Entanglement and quantum phase transition in the one-dimensional anisotropic XY model

TL;DR

This paper investigates entanglement and quantum phase transitions in the one-dimensional anisotropic XY model using quantum renormalization group techniques, revealing fixed points, phase characteristics, and critical behaviors.

Contribution

It introduces a detailed analysis of entanglement and phase transitions in the XY model through renormalization, identifying fixed points and critical scaling behaviors.

Findings

Concurrence saturates at two distinct values for different phases.

Non-analytic behavior of the concurrence derivative at the critical point.
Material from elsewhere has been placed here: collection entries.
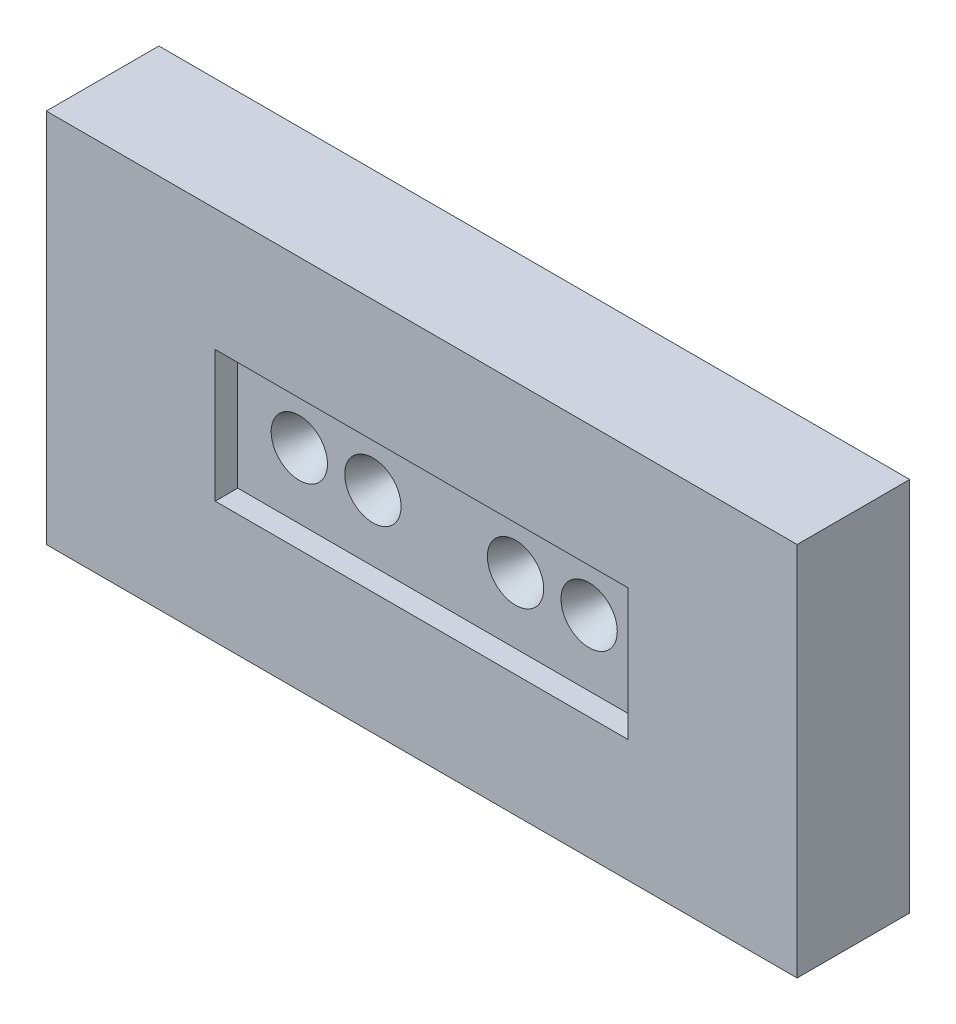
ISO-10303-21;
HEADER;
FILE_DESCRIPTION(('STEP AP214'),'2;1');
FILE_NAME('part.step','',(''),(''),'','','');
FILE_SCHEMA(('AUTOMOTIVE_DESIGN { 1 0 10303 214 1 1 1 1 }'));
ENDSEC;
DATA;
#1=APPLICATION_CONTEXT('core data for automotive mechanical design processes');
#2=APPLICATION_PROTOCOL_DEFINITION('international standard','automotive_design',2000,#1);
#3=PRODUCT_CONTEXT('',#1,'mechanical');
#4=PRODUCT('Part','Part','',(#3));
#5=PRODUCT_RELATED_PRODUCT_CATEGORY('part','',(#4));
#6=PRODUCT_DEFINITION_FORMATION('','',#4);
#7=PRODUCT_DEFINITION_CONTEXT('part definition',#1,'design');
#8=PRODUCT_DEFINITION('design','',#6,#7);
#9=PRODUCT_DEFINITION_SHAPE('','',#8);
#10=(LENGTH_UNIT() NAMED_UNIT(*) SI_UNIT(.MILLI.,.METRE.));
#11=(NAMED_UNIT(*) PLANE_ANGLE_UNIT() SI_UNIT($,.RADIAN.));
#12=(NAMED_UNIT(*) SI_UNIT($,.STERADIAN.) SOLID_ANGLE_UNIT());
#13=UNCERTAINTY_MEASURE_WITH_UNIT(LENGTH_MEASURE(1.E-05),#10,'distance_accuracy_value','');
#14=(GEOMETRIC_REPRESENTATION_CONTEXT(3) GLOBAL_UNCERTAINTY_ASSIGNED_CONTEXT((#13)) GLOBAL_UNIT_ASSIGNED_CONTEXT((#10,
#11,#12)) REPRESENTATION_CONTEXT('',''));
#15=CARTESIAN_POINT('',(0.,0.,0.));
#16=DIRECTION('',(0.,0.,1.));
#17=DIRECTION('',(1.,0.,0.));
#18=AXIS2_PLACEMENT_3D('',#15,#16,#17);
#19=CARTESIAN_POINT('',(20.,10.,6.));
#20=DIRECTION('',(-1.,0.,0.));
#21=DIRECTION('',(0.,-1.,0.));
#22=AXIS2_PLACEMENT_3D('',#19,#20,#21);
#23=PLANE('',#22);
#24=DIRECTION('',(0.,1.,0.));
#25=VECTOR('',#24,1.);
#26=CARTESIAN_POINT('',(20.,10.,0.));
#27=LINE('',#26,#25);
#28=CARTESIAN_POINT('',(20.,-10.,0.));
#29=VERTEX_POINT('',#28);
#30=CARTESIAN_POINT('',(20.,10.,0.));
#31=VERTEX_POINT('',#30);
#32=EDGE_CURVE('E143',#29,#31,#27,.T.);
#33=ORIENTED_EDGE('',*,*,#32,.T.);
#34=DIRECTION('',(0.,0.,-1.));
#35=VECTOR('',#34,1.);
#36=CARTESIAN_POINT('',(20.,10.,6.));
#37=LINE('',#36,#35);
#38=CARTESIAN_POINT('',(20.,10.,6.));
#39=VERTEX_POINT('',#38);
#40=EDGE_CURVE('E11',#39,#31,#37,.T.);
#41=ORIENTED_EDGE('',*,*,#40,.F.);
#42=DIRECTION('',(0.,1.,0.));
#43=VECTOR('',#42,1.);
#44=CARTESIAN_POINT('',(20.,10.,6.));
#45=LINE('',#44,#43);
#46=CARTESIAN_POINT('',(20.,-10.,6.));
#47=VERTEX_POINT('',#46);
#48=EDGE_CURVE('E147',#47,#39,#45,.T.);
#49=ORIENTED_EDGE('',*,*,#48,.F.);
#50=DIRECTION('',(0.,0.,-1.));
#51=VECTOR('',#50,1.);
#52=CARTESIAN_POINT('',(20.,-10.,6.));
#53=LINE('',#52,#51);
#54=EDGE_CURVE('E153',#47,#29,#53,.T.);
#55=ORIENTED_EDGE('',*,*,#54,.T.);
#56=EDGE_LOOP('',(#33,#41,#49,#55));
#57=FACE_BOUND('',#56,.T.);
#58=ADVANCED_FACE('F32',(#57),#23,.F.);
#59=CARTESIAN_POINT('',(-20.,10.,6.));
#60=DIRECTION('',(0.,-1.,0.));
#61=DIRECTION('',(0.,0.,-1.));
#62=AXIS2_PLACEMENT_3D('',#59,#60,#61);
#63=PLANE('',#62);
#64=DIRECTION('',(-1.,0.,0.));
#65=VECTOR('',#64,1.);
#66=CARTESIAN_POINT('',(-20.,10.,0.));
#67=LINE('',#66,#65);
#68=CARTESIAN_POINT('',(-20.,10.,0.));
#69=VERTEX_POINT('',#68);
#70=EDGE_CURVE('E156',#31,#69,#67,.T.);
#71=ORIENTED_EDGE('',*,*,#70,.T.);
#72=DIRECTION('',(0.,0.,-1.));
#73=VECTOR('',#72,1.);
#74=CARTESIAN_POINT('',(-20.,10.,6.));
#75=LINE('',#74,#73);
#76=CARTESIAN_POINT('',(-20.,10.,6.));
#77=VERTEX_POINT('',#76);
#78=EDGE_CURVE('E39',#77,#69,#75,.T.);
#79=ORIENTED_EDGE('',*,*,#78,.F.);
#80=DIRECTION('',(-1.,0.,0.));
#81=VECTOR('',#80,1.);
#82=CARTESIAN_POINT('',(-20.,10.,6.));
#83=LINE('',#82,#81);
#84=EDGE_CURVE('E83',#39,#77,#83,.T.);
#85=ORIENTED_EDGE('',*,*,#84,.F.);
#86=ORIENTED_EDGE('',*,*,#40,.T.);
#87=EDGE_LOOP('',(#71,#79,#85,#86));
#88=FACE_BOUND('',#87,.T.);
#89=ADVANCED_FACE('F185',(#88),#63,.F.);
#90=CARTESIAN_POINT('',(-20.,10.,6.));
#91=DIRECTION('',(1.,0.,0.));
#92=DIRECTION('',(0.,1.,0.));
#93=AXIS2_PLACEMENT_3D('',#90,#91,#92);
#94=PLANE('',#93);
#95=DIRECTION('',(0.,-1.,0.));
#96=VECTOR('',#95,1.);
#97=CARTESIAN_POINT('',(-20.,10.,0.));
#98=LINE('',#97,#96);
#99=CARTESIAN_POINT('',(-20.,-10.,0.));
#100=VERTEX_POINT('',#99);
#101=EDGE_CURVE('E158',#69,#100,#98,.T.);
#102=ORIENTED_EDGE('',*,*,#101,.T.);
#103=DIRECTION('',(0.,0.,-1.));
#104=VECTOR('',#103,1.);
#105=CARTESIAN_POINT('',(-20.,-10.,6.));
#106=LINE('',#105,#104);
#107=CARTESIAN_POINT('',(-20.,-10.,6.));
#108=VERTEX_POINT('',#107);
#109=EDGE_CURVE('E162',#108,#100,#106,.T.);
#110=ORIENTED_EDGE('',*,*,#109,.F.);
#111=DIRECTION('',(0.,-1.,0.));
#112=VECTOR('',#111,1.);
#113=CARTESIAN_POINT('',(-20.,10.,6.));
#114=LINE('',#113,#112);
#115=EDGE_CURVE('E150',#77,#108,#114,.T.);
#116=ORIENTED_EDGE('',*,*,#115,.F.);
#117=ORIENTED_EDGE('',*,*,#78,.T.);
#118=EDGE_LOOP('',(#102,#110,#116,#117));
#119=FACE_BOUND('',#118,.T.);
#120=ADVANCED_FACE('F167',(#119),#94,.F.);
#121=CARTESIAN_POINT('',(-20.,-10.,6.));
#122=DIRECTION('',(0.,1.,0.));
#123=DIRECTION('',(0.,0.,1.));
#124=AXIS2_PLACEMENT_3D('',#121,#122,#123);
#125=PLANE('',#124);
#126=DIRECTION('',(1.,0.,0.));
#127=VECTOR('',#126,1.);
#128=CARTESIAN_POINT('',(-20.,-10.,0.));
#129=LINE('',#128,#127);
#130=EDGE_CURVE('E76',#100,#29,#129,.T.);
#131=ORIENTED_EDGE('',*,*,#130,.T.);
#132=ORIENTED_EDGE('',*,*,#54,.F.);
#133=DIRECTION('',(1.,0.,0.));
#134=VECTOR('',#133,1.);
#135=CARTESIAN_POINT('',(-20.,-10.,6.));
#136=LINE('',#135,#134);
#137=EDGE_CURVE('E55',#108,#47,#136,.T.);
#138=ORIENTED_EDGE('',*,*,#137,.F.);
#139=ORIENTED_EDGE('',*,*,#109,.T.);
#140=EDGE_LOOP('',(#131,#132,#138,#139));
#141=FACE_BOUND('',#140,.T.);
#142=ADVANCED_FACE('F175',(#141),#125,.F.);
#143=CARTESIAN_POINT('',(0.,0.,6.));
#144=DIRECTION('',(0.,0.,1.));
#145=DIRECTION('',(1.,0.,0.));
#146=AXIS2_PLACEMENT_3D('',#143,#144,#145);
#147=PLANE('',#146);
#148=DIRECTION('',(0.,1.,0.));
#149=VECTOR('',#148,1.);
#150=CARTESIAN_POINT('',(11.,3.5,6.));
#151=LINE('',#150,#149);
#152=CARTESIAN_POINT('',(11.,-3.5,6.));
#153=VERTEX_POINT('',#152);
#154=CARTESIAN_POINT('',(11.,3.5,6.));
#155=VERTEX_POINT('',#154);
#156=EDGE_CURVE('E46',#153,#155,#151,.T.);
#157=ORIENTED_EDGE('',*,*,#156,.F.);
#158=DIRECTION('',(1.,0.,0.));
#159=VECTOR('',#158,1.);
#160=CARTESIAN_POINT('',(-11.,-3.5,6.));
#161=LINE('',#160,#159);
#162=CARTESIAN_POINT('',(-11.,-3.5,6.));
#163=VERTEX_POINT('',#162);
#164=EDGE_CURVE('E125',#163,#153,#161,.T.);
#165=ORIENTED_EDGE('',*,*,#164,.F.);
#166=DIRECTION('',(0.,-1.,0.));
#167=VECTOR('',#166,1.);
#168=CARTESIAN_POINT('',(-11.,3.5,6.));
#169=LINE('',#168,#167);
#170=CARTESIAN_POINT('',(-11.,3.5,6.));
#171=VERTEX_POINT('',#170);
#172=EDGE_CURVE('E128',#171,#163,#169,.T.);
#173=ORIENTED_EDGE('',*,*,#172,.F.);
#174=DIRECTION('',(-1.,0.,0.));
#175=VECTOR('',#174,1.);
#176=CARTESIAN_POINT('',(-11.,3.5,6.));
#177=LINE('',#176,#175);
#178=EDGE_CURVE('E137',#155,#171,#177,.T.);
#179=ORIENTED_EDGE('',*,*,#178,.F.);
#180=EDGE_LOOP('',(#157,#165,#173,#179));
#181=FACE_BOUND('',#180,.T.);
#182=ORIENTED_EDGE('',*,*,#48,.T.);
#183=ORIENTED_EDGE('',*,*,#84,.T.);
#184=ORIENTED_EDGE('',*,*,#115,.T.);
#185=ORIENTED_EDGE('',*,*,#137,.T.);
#186=EDGE_LOOP('',(#182,#183,#184,#185));
#187=FACE_BOUND('',#186,.T.);
#188=ADVANCED_FACE('F177',(#181,#187),#147,.T.);
#189=CARTESIAN_POINT('',(0.,0.,0.));
#190=DIRECTION('',(0.,0.,1.));
#191=DIRECTION('',(1.,0.,0.));
#192=AXIS2_PLACEMENT_3D('',#189,#190,#191);
#193=PLANE('',#192);
#194=CARTESIAN_POINT('',(-3.8,0.,0.));
#195=DIRECTION('',(0.,0.,1.));
#196=DIRECTION('',(1.,0.,0.));
#197=AXIS2_PLACEMENT_3D('',#194,#195,#196);
#198=CIRCLE('',#197,0.3);
#199=CARTESIAN_POINT('',(-3.5,0.,0.));
#200=VERTEX_POINT('',#199);
#201=EDGE_CURVE('E400',#200,#200,#198,.T.);
#202=ORIENTED_EDGE('',*,*,#201,.T.);
#203=EDGE_LOOP('',(#202));
#204=FACE_BOUND('',#203,.T.);
#205=CARTESIAN_POINT('',(3.8,0.,0.));
#206=DIRECTION('',(0.,0.,1.));
#207=DIRECTION('',(1.,0.,0.));
#208=AXIS2_PLACEMENT_3D('',#205,#206,#207);
#209=CIRCLE('',#208,0.300000000000001);
#210=CARTESIAN_POINT('',(4.1,0.,0.));
#211=VERTEX_POINT('',#210);
#212=EDGE_CURVE('E394',#211,#211,#209,.T.);
#213=ORIENTED_EDGE('',*,*,#212,.T.);
#214=EDGE_LOOP('',(#213));
#215=FACE_BOUND('',#214,.T.);
#216=CARTESIAN_POINT('',(7.72,0.,0.));
#217=DIRECTION('',(0.,0.,1.));
#218=DIRECTION('',(1.,0.,0.));
#219=AXIS2_PLACEMENT_3D('',#216,#217,#218);
#220=CIRCLE('',#219,0.3);
#221=CARTESIAN_POINT('',(8.02,0.,0.));
#222=VERTEX_POINT('',#221);
#223=EDGE_CURVE('E391',#222,#222,#220,.T.);
#224=ORIENTED_EDGE('',*,*,#223,.T.);
#225=EDGE_LOOP('',(#224));
#226=FACE_BOUND('',#225,.T.);
#227=CARTESIAN_POINT('',(-7.72,0.,0.));
#228=DIRECTION('',(0.,0.,1.));
#229=DIRECTION('',(1.,0.,0.));
#230=AXIS2_PLACEMENT_3D('',#227,#228,#229);
#231=CIRCLE('',#230,0.3);
#232=CARTESIAN_POINT('',(-7.42,0.,0.));
#233=VERTEX_POINT('',#232);
#234=EDGE_CURVE('E397',#233,#233,#231,.T.);
#235=ORIENTED_EDGE('',*,*,#234,.T.);
#236=EDGE_LOOP('',(#235));
#237=FACE_BOUND('',#236,.T.);
#238=ORIENTED_EDGE('',*,*,#32,.F.);
#239=ORIENTED_EDGE('',*,*,#130,.F.);
#240=ORIENTED_EDGE('',*,*,#101,.F.);
#241=ORIENTED_EDGE('',*,*,#70,.F.);
#242=EDGE_LOOP('',(#238,#239,#240,#241));
#243=FACE_BOUND('',#242,.T.);
#244=ADVANCED_FACE('F171',(#204,#215,#226,#237,#243),#193,.F.);
#245=CARTESIAN_POINT('',(11.,3.5,4.8));
#246=DIRECTION('',(1.,0.,0.));
#247=DIRECTION('',(0.,0.,-1.));
#248=AXIS2_PLACEMENT_3D('',#245,#246,#247);
#249=PLANE('',#248);
#250=ORIENTED_EDGE('',*,*,#156,.T.);
#251=DIRECTION('',(0.,0.,1.));
#252=VECTOR('',#251,1.);
#253=CARTESIAN_POINT('',(11.,3.5,4.8));
#254=LINE('',#253,#252);
#255=CARTESIAN_POINT('',(11.,3.5,4.8));
#256=VERTEX_POINT('',#255);
#257=EDGE_CURVE('E103',#256,#155,#254,.T.);
#258=ORIENTED_EDGE('',*,*,#257,.F.);
#259=DIRECTION('',(0.,1.,0.));
#260=VECTOR('',#259,1.);
#261=CARTESIAN_POINT('',(11.,3.5,4.8));
#262=LINE('',#261,#260);
#263=CARTESIAN_POINT('',(11.,-3.5,4.8));
#264=VERTEX_POINT('',#263);
#265=EDGE_CURVE('E107',#264,#256,#262,.T.);
#266=ORIENTED_EDGE('',*,*,#265,.F.);
#267=DIRECTION('',(0.,0.,1.));
#268=VECTOR('',#267,1.);
#269=CARTESIAN_POINT('',(11.,-3.5,4.8));
#270=LINE('',#269,#268);
#271=EDGE_CURVE('E141',#264,#153,#270,.T.);
#272=ORIENTED_EDGE('',*,*,#271,.T.);
#273=EDGE_LOOP('',(#250,#258,#266,#272));
#274=FACE_BOUND('',#273,.T.);
#275=ADVANCED_FACE('F105',(#274),#249,.F.);
#276=CARTESIAN_POINT('',(-11.,-3.5,4.8));
#277=DIRECTION('',(0.,-1.,0.));
#278=DIRECTION('',(0.,0.,-1.));
#279=AXIS2_PLACEMENT_3D('',#276,#277,#278);
#280=PLANE('',#279);
#281=ORIENTED_EDGE('',*,*,#164,.T.);
#282=ORIENTED_EDGE('',*,*,#271,.F.);
#283=DIRECTION('',(1.,0.,0.));
#284=VECTOR('',#283,1.);
#285=CARTESIAN_POINT('',(-11.,-3.5,4.8));
#286=LINE('',#285,#284);
#287=CARTESIAN_POINT('',(-11.,-3.5,4.8));
#288=VERTEX_POINT('',#287);
#289=EDGE_CURVE('E113',#288,#264,#286,.T.);
#290=ORIENTED_EDGE('',*,*,#289,.F.);
#291=DIRECTION('',(0.,0.,1.));
#292=VECTOR('',#291,1.);
#293=CARTESIAN_POINT('',(-11.,-3.5,4.8));
#294=LINE('',#293,#292);
#295=EDGE_CURVE('E144',#288,#163,#294,.T.);
#296=ORIENTED_EDGE('',*,*,#295,.T.);
#297=EDGE_LOOP('',(#281,#282,#290,#296));
#298=FACE_BOUND('',#297,.T.);
#299=ADVANCED_FACE('F219',(#298),#280,.F.);
#300=CARTESIAN_POINT('',(-11.,3.5,4.8));
#301=DIRECTION('',(-1.,0.,0.));
#302=DIRECTION('',(0.,0.,1.));
#303=AXIS2_PLACEMENT_3D('',#300,#301,#302);
#304=PLANE('',#303);
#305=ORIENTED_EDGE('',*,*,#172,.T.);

Scaling laws show divergence of the derivative with system size.

Abstract

In this paper the entanglement and quantum phase transition of the anisotropic s=1/2 XY model are studied by using the quantum renormalization group method. By solving the renormalization equations, we get the trivial fixed point and the untrivial fixed point which correspond to the phase of the system and the critical point, respectively. Then the concurrence between two blocks are calculated and it is found that when the number of the iterations of the renormalziation trends infinity, the concurrence develops two staturated values which are associated with two different phases, i.e., Ising-like and spin-fluid phases. We also investigate the first derivative of the concurrence, and find that there exists non-analytic behaviors at the quantum critical point, which directly associate with the divergence of the correlation length. Further insight, the scaling behaviors of the system are analyzed, it is shown that how the maximum value of the first derivative of the concurrence reaches the infinity and how the critical point is touched as the size of the system becomes large.